### EXERCISE
Go through the data below and copy each line where the word "collinear" occurs.

### PROVIDED RECORDS
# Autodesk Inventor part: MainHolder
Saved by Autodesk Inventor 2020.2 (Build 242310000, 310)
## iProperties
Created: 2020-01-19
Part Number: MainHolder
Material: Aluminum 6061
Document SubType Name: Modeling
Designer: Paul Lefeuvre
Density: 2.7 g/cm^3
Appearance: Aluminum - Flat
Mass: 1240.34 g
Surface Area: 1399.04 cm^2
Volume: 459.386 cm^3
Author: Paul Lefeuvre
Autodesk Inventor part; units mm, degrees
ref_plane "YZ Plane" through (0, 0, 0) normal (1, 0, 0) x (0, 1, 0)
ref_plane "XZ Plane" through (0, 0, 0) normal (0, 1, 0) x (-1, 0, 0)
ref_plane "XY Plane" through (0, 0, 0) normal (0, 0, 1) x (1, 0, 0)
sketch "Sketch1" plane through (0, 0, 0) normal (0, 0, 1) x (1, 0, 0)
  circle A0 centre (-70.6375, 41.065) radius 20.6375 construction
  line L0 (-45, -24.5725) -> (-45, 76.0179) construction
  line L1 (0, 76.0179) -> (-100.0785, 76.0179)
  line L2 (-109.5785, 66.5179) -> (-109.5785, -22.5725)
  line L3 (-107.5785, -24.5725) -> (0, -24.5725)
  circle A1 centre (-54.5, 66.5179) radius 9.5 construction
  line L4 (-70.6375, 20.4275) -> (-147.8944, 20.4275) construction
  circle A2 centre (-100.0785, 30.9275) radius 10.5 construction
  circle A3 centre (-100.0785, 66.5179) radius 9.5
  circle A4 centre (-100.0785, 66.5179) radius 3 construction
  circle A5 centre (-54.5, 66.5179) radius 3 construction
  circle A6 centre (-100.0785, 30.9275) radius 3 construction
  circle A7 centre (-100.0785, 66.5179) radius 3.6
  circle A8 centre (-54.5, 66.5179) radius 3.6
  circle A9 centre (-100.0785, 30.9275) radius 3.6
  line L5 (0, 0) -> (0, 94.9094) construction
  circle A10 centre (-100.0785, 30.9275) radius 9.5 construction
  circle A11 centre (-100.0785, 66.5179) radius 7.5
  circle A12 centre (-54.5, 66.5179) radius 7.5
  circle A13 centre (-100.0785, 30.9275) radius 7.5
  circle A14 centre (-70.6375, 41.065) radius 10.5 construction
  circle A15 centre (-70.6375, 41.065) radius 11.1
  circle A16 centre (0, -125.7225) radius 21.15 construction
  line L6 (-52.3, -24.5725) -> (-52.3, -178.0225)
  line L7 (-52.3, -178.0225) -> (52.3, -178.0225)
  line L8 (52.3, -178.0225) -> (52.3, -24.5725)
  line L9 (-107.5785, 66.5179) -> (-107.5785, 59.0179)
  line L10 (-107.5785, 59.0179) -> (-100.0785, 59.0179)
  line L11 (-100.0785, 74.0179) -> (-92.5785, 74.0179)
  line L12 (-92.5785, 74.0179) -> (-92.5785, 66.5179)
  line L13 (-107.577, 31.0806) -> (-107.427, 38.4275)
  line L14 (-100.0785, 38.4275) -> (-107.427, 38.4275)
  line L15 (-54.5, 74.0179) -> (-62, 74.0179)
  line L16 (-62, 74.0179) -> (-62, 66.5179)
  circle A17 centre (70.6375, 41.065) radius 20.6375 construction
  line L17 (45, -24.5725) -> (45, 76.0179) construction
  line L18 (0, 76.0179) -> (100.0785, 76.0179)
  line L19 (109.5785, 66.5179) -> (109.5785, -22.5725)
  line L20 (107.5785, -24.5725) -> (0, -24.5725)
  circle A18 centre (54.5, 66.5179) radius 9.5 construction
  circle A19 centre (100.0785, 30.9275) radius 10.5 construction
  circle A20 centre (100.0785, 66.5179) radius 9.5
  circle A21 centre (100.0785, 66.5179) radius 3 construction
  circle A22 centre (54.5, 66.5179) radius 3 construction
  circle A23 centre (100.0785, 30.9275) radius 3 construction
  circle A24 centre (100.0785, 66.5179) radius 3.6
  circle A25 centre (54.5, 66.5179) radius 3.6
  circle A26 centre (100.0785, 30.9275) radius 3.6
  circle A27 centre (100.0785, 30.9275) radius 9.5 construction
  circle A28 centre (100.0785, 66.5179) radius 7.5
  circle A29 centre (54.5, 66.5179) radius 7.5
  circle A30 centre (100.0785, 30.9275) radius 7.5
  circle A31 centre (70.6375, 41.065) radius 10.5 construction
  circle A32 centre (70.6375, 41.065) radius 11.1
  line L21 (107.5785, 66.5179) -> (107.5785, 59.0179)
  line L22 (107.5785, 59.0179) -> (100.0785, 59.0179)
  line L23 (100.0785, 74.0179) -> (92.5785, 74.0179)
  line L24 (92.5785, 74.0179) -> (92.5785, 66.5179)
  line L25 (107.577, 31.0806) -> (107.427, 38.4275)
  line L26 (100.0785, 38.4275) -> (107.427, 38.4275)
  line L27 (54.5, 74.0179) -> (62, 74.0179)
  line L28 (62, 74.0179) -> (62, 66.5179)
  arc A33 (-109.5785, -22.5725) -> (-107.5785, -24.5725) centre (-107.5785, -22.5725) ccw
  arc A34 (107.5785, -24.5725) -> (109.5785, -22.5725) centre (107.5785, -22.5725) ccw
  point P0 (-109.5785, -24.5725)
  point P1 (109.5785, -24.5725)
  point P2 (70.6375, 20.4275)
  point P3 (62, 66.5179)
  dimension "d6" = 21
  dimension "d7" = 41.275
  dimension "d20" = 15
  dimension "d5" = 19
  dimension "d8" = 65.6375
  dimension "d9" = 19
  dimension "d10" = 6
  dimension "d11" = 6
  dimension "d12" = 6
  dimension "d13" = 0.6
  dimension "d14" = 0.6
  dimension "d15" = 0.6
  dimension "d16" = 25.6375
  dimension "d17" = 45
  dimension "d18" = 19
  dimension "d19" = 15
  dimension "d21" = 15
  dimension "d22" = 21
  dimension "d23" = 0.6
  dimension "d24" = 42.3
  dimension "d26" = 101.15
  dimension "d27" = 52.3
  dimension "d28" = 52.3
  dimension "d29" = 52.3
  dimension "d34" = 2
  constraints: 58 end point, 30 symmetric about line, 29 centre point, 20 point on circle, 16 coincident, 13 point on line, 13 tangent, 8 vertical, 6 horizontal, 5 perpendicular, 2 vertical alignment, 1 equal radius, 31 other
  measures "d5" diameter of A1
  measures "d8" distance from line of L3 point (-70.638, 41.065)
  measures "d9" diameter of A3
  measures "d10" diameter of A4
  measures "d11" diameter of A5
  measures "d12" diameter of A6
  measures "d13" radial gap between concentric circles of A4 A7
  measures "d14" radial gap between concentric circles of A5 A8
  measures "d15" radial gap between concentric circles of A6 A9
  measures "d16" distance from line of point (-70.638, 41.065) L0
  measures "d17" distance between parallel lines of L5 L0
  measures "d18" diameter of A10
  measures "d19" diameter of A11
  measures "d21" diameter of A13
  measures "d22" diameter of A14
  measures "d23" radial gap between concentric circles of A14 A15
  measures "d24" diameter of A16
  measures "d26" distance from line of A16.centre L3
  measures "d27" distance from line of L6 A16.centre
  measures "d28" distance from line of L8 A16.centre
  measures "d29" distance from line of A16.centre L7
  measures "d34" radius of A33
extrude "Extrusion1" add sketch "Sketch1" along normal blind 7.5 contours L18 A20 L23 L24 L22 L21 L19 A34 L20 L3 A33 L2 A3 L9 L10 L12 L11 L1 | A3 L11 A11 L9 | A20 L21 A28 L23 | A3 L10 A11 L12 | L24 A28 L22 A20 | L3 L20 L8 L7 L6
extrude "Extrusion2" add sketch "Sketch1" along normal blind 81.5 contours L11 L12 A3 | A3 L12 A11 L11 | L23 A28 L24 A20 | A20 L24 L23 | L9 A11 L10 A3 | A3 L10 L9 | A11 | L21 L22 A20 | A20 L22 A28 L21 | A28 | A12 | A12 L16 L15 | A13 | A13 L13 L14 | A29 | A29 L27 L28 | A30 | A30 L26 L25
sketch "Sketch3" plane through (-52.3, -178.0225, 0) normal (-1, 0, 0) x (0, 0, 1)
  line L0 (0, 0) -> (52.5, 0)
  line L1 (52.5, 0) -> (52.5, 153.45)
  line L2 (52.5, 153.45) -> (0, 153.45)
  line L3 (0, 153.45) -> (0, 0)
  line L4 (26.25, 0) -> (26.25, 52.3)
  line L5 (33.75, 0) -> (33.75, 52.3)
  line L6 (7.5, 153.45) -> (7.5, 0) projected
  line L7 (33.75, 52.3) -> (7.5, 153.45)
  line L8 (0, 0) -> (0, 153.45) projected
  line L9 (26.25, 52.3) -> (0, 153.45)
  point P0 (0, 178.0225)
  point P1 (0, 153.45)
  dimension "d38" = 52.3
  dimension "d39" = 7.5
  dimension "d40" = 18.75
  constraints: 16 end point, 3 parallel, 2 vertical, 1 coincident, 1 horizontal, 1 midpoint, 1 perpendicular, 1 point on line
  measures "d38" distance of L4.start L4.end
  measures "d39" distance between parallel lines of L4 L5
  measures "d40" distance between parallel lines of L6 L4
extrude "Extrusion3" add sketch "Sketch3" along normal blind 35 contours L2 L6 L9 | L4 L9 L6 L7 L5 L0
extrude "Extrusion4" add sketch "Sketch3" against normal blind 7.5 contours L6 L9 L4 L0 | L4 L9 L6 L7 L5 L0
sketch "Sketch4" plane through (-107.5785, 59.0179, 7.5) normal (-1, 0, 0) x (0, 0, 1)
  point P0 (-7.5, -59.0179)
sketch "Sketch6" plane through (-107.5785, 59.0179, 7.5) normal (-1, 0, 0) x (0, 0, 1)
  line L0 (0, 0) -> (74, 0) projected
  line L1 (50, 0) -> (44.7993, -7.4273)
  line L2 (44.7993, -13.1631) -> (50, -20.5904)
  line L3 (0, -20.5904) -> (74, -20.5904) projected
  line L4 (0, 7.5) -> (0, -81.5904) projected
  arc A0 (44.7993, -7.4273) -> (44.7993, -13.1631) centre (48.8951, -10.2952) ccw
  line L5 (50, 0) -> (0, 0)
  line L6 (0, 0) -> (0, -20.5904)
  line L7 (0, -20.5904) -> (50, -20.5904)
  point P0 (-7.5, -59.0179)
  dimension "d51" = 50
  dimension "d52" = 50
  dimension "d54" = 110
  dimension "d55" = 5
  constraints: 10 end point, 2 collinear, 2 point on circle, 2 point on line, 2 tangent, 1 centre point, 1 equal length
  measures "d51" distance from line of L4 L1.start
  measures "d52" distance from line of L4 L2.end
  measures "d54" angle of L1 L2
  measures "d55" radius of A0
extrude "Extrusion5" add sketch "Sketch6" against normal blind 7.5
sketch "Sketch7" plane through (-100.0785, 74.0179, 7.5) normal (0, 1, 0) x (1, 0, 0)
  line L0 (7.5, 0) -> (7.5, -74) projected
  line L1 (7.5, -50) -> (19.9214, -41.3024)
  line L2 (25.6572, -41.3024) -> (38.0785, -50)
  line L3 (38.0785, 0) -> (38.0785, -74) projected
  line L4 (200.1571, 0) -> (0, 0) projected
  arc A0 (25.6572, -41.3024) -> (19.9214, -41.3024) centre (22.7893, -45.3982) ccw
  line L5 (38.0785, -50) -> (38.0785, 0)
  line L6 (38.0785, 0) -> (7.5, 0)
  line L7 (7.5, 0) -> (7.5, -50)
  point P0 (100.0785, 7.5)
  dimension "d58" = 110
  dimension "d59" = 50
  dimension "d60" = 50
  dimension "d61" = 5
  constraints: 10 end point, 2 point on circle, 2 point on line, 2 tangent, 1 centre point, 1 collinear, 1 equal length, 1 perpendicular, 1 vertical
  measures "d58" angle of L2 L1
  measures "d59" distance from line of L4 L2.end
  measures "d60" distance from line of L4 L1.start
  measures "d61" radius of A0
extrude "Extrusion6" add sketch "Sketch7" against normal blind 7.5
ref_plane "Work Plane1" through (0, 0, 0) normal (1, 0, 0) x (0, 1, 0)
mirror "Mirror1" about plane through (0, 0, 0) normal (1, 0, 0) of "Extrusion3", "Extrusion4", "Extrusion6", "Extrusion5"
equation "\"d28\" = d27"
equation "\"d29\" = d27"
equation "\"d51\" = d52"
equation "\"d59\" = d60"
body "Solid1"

### WRITTEN REPLY
  constraints: 10 end point, 2 collinear, 2 point on circle, 2 point on line, 2 tangent, 1 centre point, 1 equal length
  constraints: 10 end point, 2 point on circle, 2 point on line, 2 tangent, 1 centre point, 1 collinear, 1 equal length, 1 perpendicular, 1 vertical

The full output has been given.